For a more detailed overview of the High Court’s decision, please see our earlier Law-Now here. The remainder of this Law-Now considers the implications of this decision for the construction industry.

Implications for the construction industry

This case centred on a lease and quite unique circumstances. However, its implications would have been extremely serious had the judgment gone the other way, potentially opening the floodgates for frustration arguments in the wider commercial contracts market, including construction.

The judge in this case went to some lengths to highlight the difficulties in making out a claim for frustration and it is hard to conceive of many circumstances where Brexit might offer genuine grounds to claim frustration of a building contract.

There is little doubt though that the uncertainty of the political and economic climate is worrying the market and that parties to construction contracts are considering ways to manage the risks this brings.

The tried and tested way for parties to deal with uncertainty is to try to legislate for it in the terms of the contract – to make efforts to foresee the risks and allocate them accordingly.

We have previously published a Law-Now here on how different contracts will respond to changes in the law in terms of entitlements to time and money, but as the time to leave approaches, albeit the timetable for this remains uncertain, this question of allocation of risk is increasingly arising.

The types of risks we have identified include:

  • Imposition of new or increased tariffs, taxes or import duties and potential delay caused by import restrictions – red tape, customs delays, embargos. There is also the possibility of additional costs of trading as a result of the UK no longer being part of the wider EU market and a loss of negotiating/bargaining power. BEIS data shows that the UK imported £10.3bn of building materials from the EU in 2017 - 60% of all building-material imports and a further £6.7bn comes from the rest of the world. In that context, where the UK relies heavily on these imports, and friction related to trade could cost both financially and in time.
  • Change in laws or regulatory requirements – the intention of the EU Withdrawal Bill is that the status quo will initially be maintained but whether that Bill is ever accepted by the UK Parliament remains to be seen. In any event, that is likely to change in future meaning it is a consideration for long-term contracts or those with lengthy lead-in periods.
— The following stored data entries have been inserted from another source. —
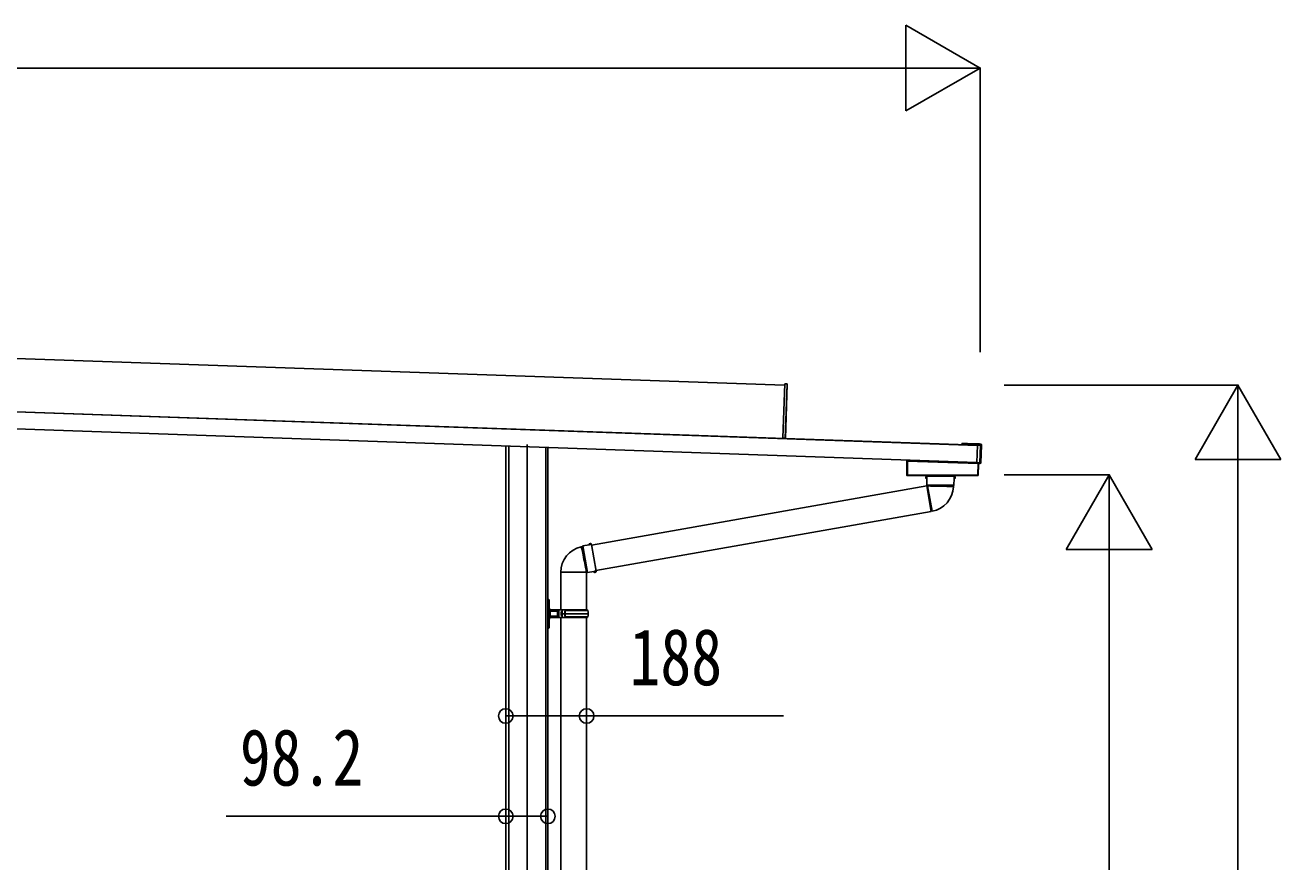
# Model space of a CAD drawing. Units: millimetres, scale not verified. Extents: x -16820 to 16820, y -11880 to 11880.
# Drawn here: x 496 to 3420, y -6681 to -4732 of the extents above; entities that cross this region are included whole.
import ezdxf
from ezdxf.enums import TextEntityAlignment as Align

# ---------------------------------------------------------------- set-up
doc = ezdxf.new("R2010")
doc.units = ezdxf.units.MM
doc.header["$LTSCALE"] = 60
for name, color, linetype in [('0-3_YKK_12', 2, 'Continuous'), ('0-4_YKK_A1', 4, 'Continuous'), ('0-5_YKK_D', 6, 'Continuous')]:
    doc.layers.add(name, color=color, linetype=linetype)
doc.styles.add('ＭＳ ゴシック', font='')
doc.styles.get('ＭＳ ゴシック').set_extended_font_data('MS Gothic')

msp = doc.modelspace()

# ---------------------------------------------------------------- linework, layer by layer
at = {"layer": '0-3_YKK_12'}
msp.add_line((1665.08, -8482.49), (1665.08, -5709.02), dxfattribs=at)
at = {"layer": '0-4_YKK_A1'}
for p, q in [((2264.54, -5571.02), (-1711.04, -5432.19)), ((2713.42, -5711.27), (-2281.58, -5536.84)), ((2713.44, -5710.77), (-2281.56, -5536.34)), ((2712.04, -5750.74), (-2283.21, -5576.31)), ((2260.27, -5693.44), (2264.65, -5568.02)), ((2264.65, -5568.02), (2264.66, -5567.52)), ((2270.16, -5568.55), (2264.65, -5568.02)), ((2264.66, -5567.52), (2270.18, -5568.05)), ((2265.76, -5694.64), (2270.16, -5568.55)), ((2270.63, -5568.57), (2266.23, -5694.65)), ((2270.16, -5568.55), (2270.63, -5568.57)), ((2263.75, -5694.06), (2260.75, -5693.96)), ((2263.71, -5695.06), (2263.75, -5694.06)), ((2264.21, -5695.08), (2264.22, -5694.78)), ((2264.21, -5695.08), (2264.21, -5695.08)), ((2264.22, -5694.78), (2264.23, -5694.58)), ((2264.22, -5694.78), (2265.77, -5694.84)), ((2265.76, -5694.64), (2266.23, -5694.65)), ((1615.08, -5712.44), (1615.08, -7980.15)), ((1621.95, -5712.68), (1621.95, -8480.15)), ((1708.22, -5715.69), (1708.22, -8480.15)), ((1713.28, -5715.87), (1713.28, -7980.15)), ((2679.7, -5708.45), (2677.7, -5708.38)), ((2679.77, -5706.45), (2679.7, -5708.45)), ((2713.48, -5709.63), (2679.7, -5708.45)), ((2679.77, -5706.45), (2717.25, -5707.76)), ((2684.15, -5708.7), (2684.22, -5706.71)), ((2690.14, -5708.91), (2690.21, -5706.92)), ((2690.21, -5706.92), (2700.21, -5707.26)), ((2700.14, -5709.26), (2700.21, -5707.26)), ((2700.21, -5707.26), (2706.2, -5707.47)), ((2706.13, -5709.47), (2706.2, -5707.47)), ((2706.2, -5707.47), (2719.69, -5707.94)), ((2713.44, -5710.7), (2713.44, -5710.77)), ((2713.45, -5710.36), (2713.48, -5709.68)), ((2713.45, -5710.36), (2713.45, -5710.36)), ((2713.48, -5709.73), (2713.49, -5709.38)), ((2713.48, -5709.68), (2713.48, -5709.63)), ((2713.48, -5709.68), (2713.48, -5709.68)), ((2713.48, -5709.73), (2720.71, -5709.98)), ((2714.69, -5709.42), (2713.49, -5709.38)), ((2713.49, -5709.38), (2713.49, -5709.38)), ((2714.69, -5709.42), (2713.49, -5709.38)), ((2714.7, -5707.77), (2714.66, -5708.87)), ((2714.69, -5709.42), (2714.69, -5709.42)), ((2715.29, -5709.33), (2721.19, -5709.54)), ((2715.29, -5709.33), (2715.29, -5709.41)), ((2717.19, -5709.4), (2717.25, -5707.76)), ((2717.25, -5707.76), (2719.25, -5707.83)), ((2719.25, -5707.83), (2719.19, -5709.47)), ((2719.25, -5707.83), (2721.74, -5707.91)), ((2719.26, -5751.54), (2720.69, -5710.48)), ((2721.19, -5710.5), (2719.76, -5751.55)), ((2721.67, -5710.05), (2720.2, -5752.03)), ((2720.71, -5709.98), (2720.69, -5710.48)), ((2720.71, -5709.98), (2721.19, -5709.54)), ((2721.19, -5752.42), (2722.71, -5708.95)), ((2721.67, -5710.05), (2721.19, -5710.5)), ((2721.23, -5750.02), (2722.59, -5711.05)), ((2549.22, -5745.06), (2549.22, -5781.23)), ((2549.57, -5780.88), (2549.57, -5745.07)), ((2549.58, -5747.39), (2549.58, -5780.87)), ((2549.58, -5747.39), (2549.96, -5747.4)), ((2549.87, -5745.08), (2549.87, -5747.09)), ((2550.26, -5747.1), (2549.88, -5747.09)), ((2549.96, -5747.4), (2550.26, -5747.4)), ((2549.96, -5747.4), (2549.96, -5780.49)), ((2550.08, -5746.89), (2550.08, -5745.09)), ((2550.26, -5747.4), (2550.27, -5747.1)), ((2550.27, -5747.1), (2713.07, -5752.79)), ((2550.43, -5746.9), (2550.73, -5746.9)), ((2550.43, -5746.91), (2550.73, -5746.92)), ((2550.73, -5746.9), (2550.73, -5745.11)), ((2712.58, -5752.57), (2550.73, -5746.92)), ((2712.01, -5751.78), (2712, -5752.13)), ((2712, -5752.13), (2713.19, -5752.17)), ((2712, -5752.13), (2712, -5752.13)), ((2712, -5752.13), (2713.19, -5752.17)), ((2719.24, -5752.04), (2712.01, -5751.78)), ((2712.02, -5751.28), (2719.26, -5751.54)), ((2712.59, -5752.15), (2712.58, -5752.57)), ((2712.88, -5752.58), (2712.58, -5752.57)), ((2712.88, -5752.58), (2712.89, -5752.16)), ((2715.09, -5752.86), (2713.07, -5752.79)), ((2713.14, -5752.42), (2713.17, -5751.63)), ((2713.17, -5752.79), (2713.19, -5752.17)), ((2720.67, -5752.9), (2713.18, -5752.64)), ((2713.19, -5752.17), (2713.19, -5752.17)), ((2713.79, -5752.23), (2713.79, -5752.31)), ((2719.69, -5752.51), (2713.79, -5752.31)), ((2714.79, -5780.88), (2715.76, -5753.18)), ((2715.73, -5754.46), (2714.81, -5780.89)), ((2715.09, -5752.86), (2715.08, -5753.16)), ((2715.47, -5752.87), (2715.09, -5752.86)), ((2715.15, -5781.24), (2716.08, -5754.47)), ((2715.38, -5753.17), (2715.76, -5753.18)), ((2715.73, -5754.16), (2715.79, -5754.16)), ((2716.08, -5754.47), (2715.73, -5754.46)), ((2718.12, -5752.92), (2715.91, -5752.84)), ((2719.26, -5751.54), (2719.24, -5752.04)), ((2719.69, -5752.51), (2719.24, -5752.04)), ((2719.76, -5751.55), (2719.26, -5751.54)), ((2719.76, -5751.55), (2720.2, -5752.03)), ((2549.22, -5781.23), (2549.57, -5780.88)), ((2549.87, -5781.18), (2549.52, -5781.53)), ((2549.52, -5781.53), (2594.77, -5781.53)), ((2549.57, -5780.88), (2549.58, -5780.88)), ((2549.96, -5780.49), (2549.58, -5780.87)), ((2549.87, -5781.17), (2549.87, -5781.18)), ((2594.77, -5781.18), (2549.87, -5781.18)), ((2549.88, -5781.17), (2550.26, -5780.79)), ((2549.88, -5781.17), (2714.49, -5781.17)), ((2550.26, -5780.49), (2549.96, -5780.49)), ((2714.13, -5780.49), (2550.26, -5780.49)), ((2595.58, -5783.11), (2593.43, -5783.89)), ((2593.43, -5783.89), (2593.43, -5787.54)), ((2593.43, -5783.89), (2593.49, -5783.89)), ((2593.43, -5787.54), (2595.67, -5788.36)), ((2593.43, -5787.54), (2593.49, -5787.54)), ((2593.56, -5786.63), (2593.56, -5784.81)), ((2594.77, -5781.67), (2594.77, -5781.17)), ((2594.77, -5781.67), (2659.77, -5781.67)), ((2594.93, -5782.11), (2594.93, -5781.67)), ((2594.93, -5782.11), (2594.93, -5782.61)), ((2594.93, -5782.11), (2659.93, -5782.11)), ((2594.93, -5782.61), (2595.06, -5782.61)), ((2595.58, -5783.11), (2595.71, -5783.11)), ((2595.67, -5788.36), (2595.93, -5803.64)), ((2595.71, -5783.11), (2595.93, -5783.11)), ((2595.89, -5787.45), (2595.82, -5784.01)), ((2658.93, -5783.11), (2595.93, -5783.11)), ((2658.92, -5803.64), (2659.18, -5788.36)), ((2658.93, -5783.11), (2659.15, -5783.11)), ((2658.97, -5787.45), (2659.03, -5784.01)), ((2659.15, -5783.11), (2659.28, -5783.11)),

There is certainly the possibility of EU laws developing so that there is no longer equivalence between UK and EU going forward.
  • Licences and consents – there is the possibility of the UK no longer benefiting from EU-wide approval schemes or reciprocal arrangements between the EU and the rest of world.
  • Availability of key personnel and labour if there are restrictions in movement of people or simply if the UK becomes a less attractive place to live and work. There were 217,000 EU nationals working in the UK construction industry in 2017, accounting for 9.3% of the total construction workforce.
  • Increased costs (labour, materials, equipment, exchange rate fluctuations, interest rate fluctuations, cost of borrowing)
  • Impact of the above factors on the supply chain and implications if it started to fail.
  • Impact on economic viability of projects if delays or increased costs mean that the business case for them is no longer met.

A number of different contractual solutions are being developed to deal with these although no settled market position has yet emerged.

Conclusion

Given the above, whilst it is unlikely we will see a rush to the courts with frustration arguments as a result of Brexit, it once again puts the spotlight on the management of uncertain and unquantifiable risks in the construction industry and how these are allocated. It does serve as a useful prompt that it is necessary to keep thinking about the possible legal and market consequences of this and other risks inherent in an era of political and economic uncertainty and how to brace for these.

References: Canary Wharf (BP4) T1 Ltd v European Medicines Agency [2019] EWHC 335 (Ch).